PROVIDED DATA
============================================================

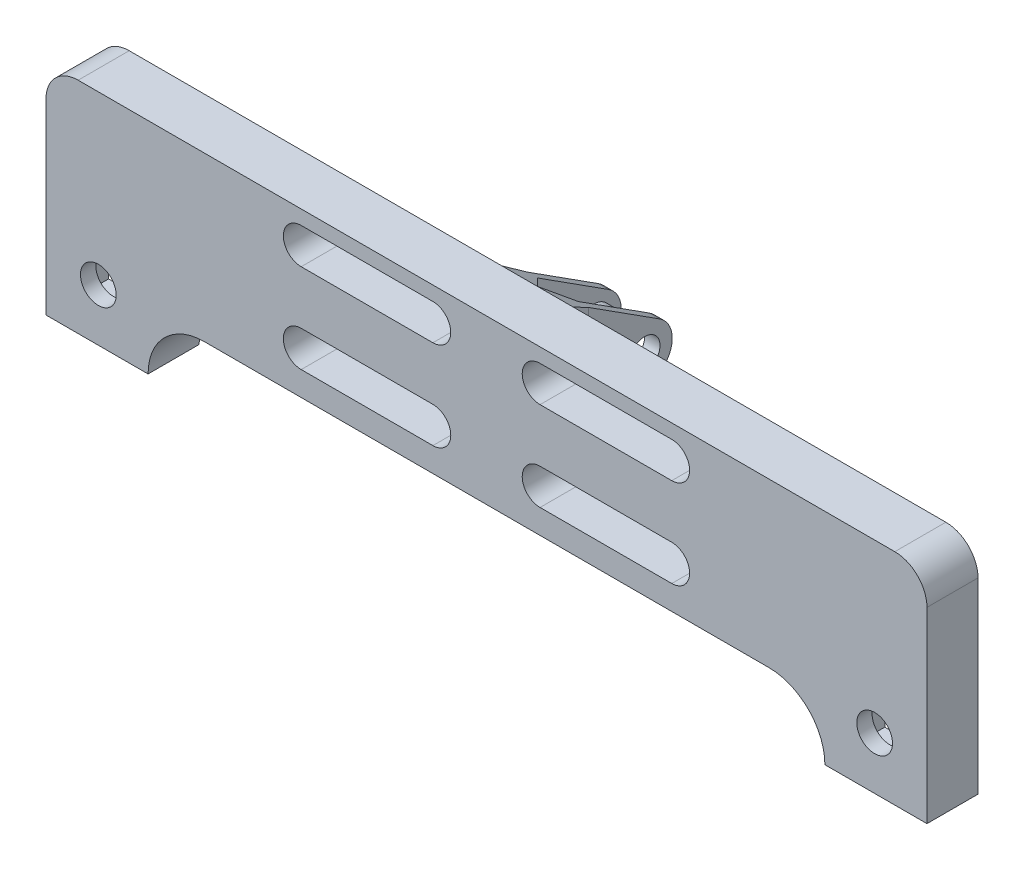
SolidWorks part; units mm, degrees
ref_plane "Front Plane" through (0, 0, 0) normal (0, 0, 1) x (1, 0, 0)
ref_plane "Top Plane" through (0, 0, 0) normal (0, 1, 0) x (1, 0, 0)
ref_plane "Right Plane" through (0, 0, 0) normal (1, 0, 0) x (0, 0, -1)
sketch "Sketch1" plane through (0, 0, 0) normal (0, 0, 1) x (1, 0, 0)
  line L0 (-79.0453, -25.7) -> (80.9547, -25.7) construction
  line L1 (-79.0453, 29.8613) -> (-79.0453, -49.0079) construction
  line L2 (80.9547, 29.8613) -> (80.9547, -49.0079) construction
  line L3 (-85.3453, -25.7) -> (87.2547, -25.7)
  line L4 (87.2547, -25.7) -> (87.2547, 0)
  line L5 (-79.0453, 6.3) -> (80.9547, 6.3)
  line L6 (-85.3453, 0) -> (-85.3453, -25.7)
  line L8 (-83.3453, -11.2) -> (-70.8453, -11.2)
  line L9 (-83.3453, -11.2) -> (-83.3453, -23.7)
  line L10 (-83.3453, -23.7) -> (-70.8453, -23.7)
  line L11 (-70.8453, -11.2) -> (-70.8453, -23.7)
  line L12 (85.2547, -11.2) -> (72.7547, -11.2)
  line L13 (85.2547, -11.2) -> (85.2547, -23.7)
  line L14 (85.2547, -23.7) -> (72.7547, -23.7)
  line L15 (72.7547, -11.2) -> (72.7547, -23.7)
  circle A0 centre (-79.0453, 0) radius 4.3
  circle A1 centre (80.9547, 0) radius 4.3
  arc A2 (-79.0453, 6.3) -> (-85.3453, 0) centre (-79.0453, 0) ccw
  arc A3 (80.9547, 6.3) -> (87.2547, 0) centre (80.9547, 0) cw
  dimension "D2" = 8.6
  dimension "D3" = 8.6
  dimension "D4" = 6.3
  dimension "D5" = 6.3
  dimension "D1" = 160
  dimension "D6" = 32
  dimension "D7" = 2
  dimension "D8" = 2
  dimension "D9" = 12.5
  dimension "D10" = 12.5
  dimension "D11" = 2
  dimension "D12" = 2
  dimension "D13" = 12.5
  dimension "D14" = 12.5
extrude "Boss-Extrude1" add sketch "Sketch1" along normal blind 8
sketch "Sketch2" plane through (0, 0, 8) normal (0, 0, 1) x (1, 0, 0)
  line L0 (-79.0453, 0) -> (80.9547, 0) construction
  line L1 (-35.3453, 6.3) -> (-35.3453, -25.7) construction
  line L2 (80.9547, 6.3) -> (-79.0453, 6.3) construction
  line L3 (-85.3453, -25.7) -> (87.2547, -25.7) construction
  line L4 (-70.8453, -17.45) -> (72.7547, -17.45) construction
  line L5 (-70.8453, -23.7) -> (-70.8453, -11.2) construction
  line L6 (72.7547, -11.2) -> (72.7547, -23.7) construction
  line L7 (37.2547, 6.3) -> (37.2547, -25.7) construction
  line L8 (-85.3453, 0) -> (-85.3453, -25.7) construction
  line L9 (87.2547, -25.7) -> (87.2547, 0) construction
  line L10 (-35.3453, 3.5) -> (37.2547, 3.5)
  line L11 (-35.3453, -3.5) -> (37.2547, -3.5)
  line L12 (-35.3453, -13.95) -> (37.2547, -13.95)
  line L13 (-35.3453, -20.95) -> (34.6432, -20.95)
  line L14 (34.6432, -20.95) -> (37.2547, -20.95)
  arc A0 (-35.3453, 3.5) -> (-35.3453, -3.5) centre (-35.3453, 0) ccw
  arc A1 (37.2547, 3.5) -> (37.2547, -3.5) centre (37.2547, 0) cw
  arc A2 (-35.3453, -13.95) -> (-35.3453, -20.95) centre (-35.3453, -17.45) ccw
  arc A3 (37.2547, -13.95) -> (37.2547, -20.95) centre (37.2547, -17.45) cw
  dimension "D1" = 50
  dimension "D2" = 50
extrude "Cut-Extrude1" cut sketch "Sketch2" against normal blind 8
extrude "Boss-Extrude2" add sketch "Sketch1<2>" along normal blind 10
sketch "Sketch1<2>" plane through (0, 0, 0) normal (0, 0, 1) x (1, 0, 0) same geometry as "Sketch1"
extrude "Cut-Extrude2" cut sketch "Sketch2<2>" against normal through all both and the other way through all
sketch "Sketch2<2>" plane through (0, 0, 8) normal (0, 0, 1) x (1, 0, 0) same geometry as "Sketch2"
sketch "Sketch3" plane through (0, 0, 10) normal (0, 0, 1) x (1, 0, 0)
  line L1 (-83.3453, -11.2) -> (-70.8453, -11.2)
  line L2 (-83.3453, -11.2) -> (-83.3453, -23.7)
  line L3 (-83.3453, -23.7) -> (-70.8453, -23.7)
  line L4 (-70.8453, -11.2) -> (-70.8453, -23.7)
  line L5 (72.7547, -11.2) -> (85.2547, -11.2)
  line L6 (72.7547, -11.2) -> (72.7547, -23.7)
  line L7 (72.7547, -23.7) -> (85.2547, -23.7)
  line L8 (85.2547, -11.2) -> (85.2547, -23.7)
extrude "Boss-Extrude3" add sketch "Sketch3" against normal blind 2
sketch "Sketch4" plane through (0, 0, 10) normal (0, 0, 1) x (1, 0, 0)
  circle A0 centre (-79.0453, 0) radius 4.3
  circle A1 centre (80.9547, 0) radius 4.3
extrude "Boss-Extrude5" add sketch "Sketch4" against normal blind 2
sketch "Sketch5" plane through (0, 0, 10) normal (0, 0, 1) x (1, 0, 0)
  line L0 (0.9547, 3.5) -> (0.9547, -20.95) construction
  line L1 (37.2547, 3.5) -> (-35.3453, 3.5) construction
  line L2 (-35.3453, -20.95) -> (37.2547, -20.95) construction
  line L3 (-38.8453, -17.45) -> (40.7547, -17.45) construction
  line L4 (-38.8453, 0) -> (40.7547, 0) construction
  line L6 (-35.3453, -3.5) -> (37.2547, -3.5) construction
  line L7 (-4.5453, 3.5) -> (6.4547, 3.5)
  line L8 (-4.5453, -3.5) -> (6.4547, -3.5)
  arc A0 (-35.3453, -13.95) -> (-35.3453, -20.95) centre (-35.3453, -17.45) ccw construction
  arc A1 (37.2547, -20.95) -> (37.2547, -13.95) centre (37.2547, -17.45) ccw construction
  arc A2 (-35.3453, 3.5) -> (-35.3453, -3.5) centre (-35.3453, 0) ccw construction
  arc A3 (37.2547, -3.5) -> (37.2547, 3.5) centre (37.2547, 0) ccw construction
  arc A4 (-4.5453, 3.5) -> (-4.5453, -3.5) centre (-4.5453, 0) cw
  arc A5 (6.4547, 3.5) -> (6.4547, -3.5) centre (6.4547, 0) ccw
  point P22 (-4.5453, 0)
  point P23 (6.4547, 0)
  dimension "D1" = 5.5
  dimension "D2" = 5.5
extrude "Boss-Extrude6" add sketch "Sketch5" against normal blind 10
sketch "Sketch6" plane through (0, 0, 10) normal (0, 0, 1) x (1, 0, 0)
  line L0 (0.9547, -13.95) -> (0.9547, -20.95) construction
  line L1 (37.2547, -13.95) -> (-35.3453, -13.95) construction
  line L2 (-35.3453, -20.95) -> (37.2547, -20.95) construction
  line L3 (-38.8453, -17.45) -> (40.7547, -17.45) construction
  line L4 (-4.5453, -13.95) -> (6.4547, -13.95)
  line L5 (-4.5453, -20.95) -> (6.4547, -20.95)
  arc A0 (-35.3453, -13.95) -> (-35.3453, -20.95) centre (-35.3453, -17.45) ccw construction
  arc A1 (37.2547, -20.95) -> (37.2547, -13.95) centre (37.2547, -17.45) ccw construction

============================================================

EXERCISE INSTRUCTIONS
What you return must match the lines from the top of the data through the line with "line L10 (-83.3453, -23.7)" exactly, with the pictures removed.

SOLUTION TO THIS TASK
SolidWorks part; units mm, degrees
ref_plane "Front Plane" through (0, 0, 0) normal (0, 0, 1) x (1, 0, 0)
ref_plane "Top Plane" through (0, 0, 0) normal (0, 1, 0) x (1, 0, 0)
ref_plane "Right Plane" through (0, 0, 0) normal (1, 0, 0) x (0, 0, -1)
sketch "Sketch1" plane through (0, 0, 0) normal (0, 0, 1) x (1, 0, 0)
  line L0 (-79.0453, -25.7) -> (80.9547, -25.7) construction
  line L1 (-79.0453, 29.8613) -> (-79.0453, -49.0079) construction
  line L2 (80.9547, 29.8613) -> (80.9547, -49.0079) construction
  line L3 (-85.3453, -25.7) -> (87.2547, -25.7)
  line L4 (87.2547, -25.7) -> (87.2547, 0)
  line L5 (-79.0453, 6.3) -> (80.9547, 6.3)
  line L6 (-85.3453, 0) -> (-85.3453, -25.7)
  line L8 (-83.3453, -11.2) -> (-70.8453, -11.2)
  line L9 (-83.3453, -11.2) -> (-83.3453, -23.7)
  line L10 (-83.3453, -23.7) -> (-70.8453, -23.7)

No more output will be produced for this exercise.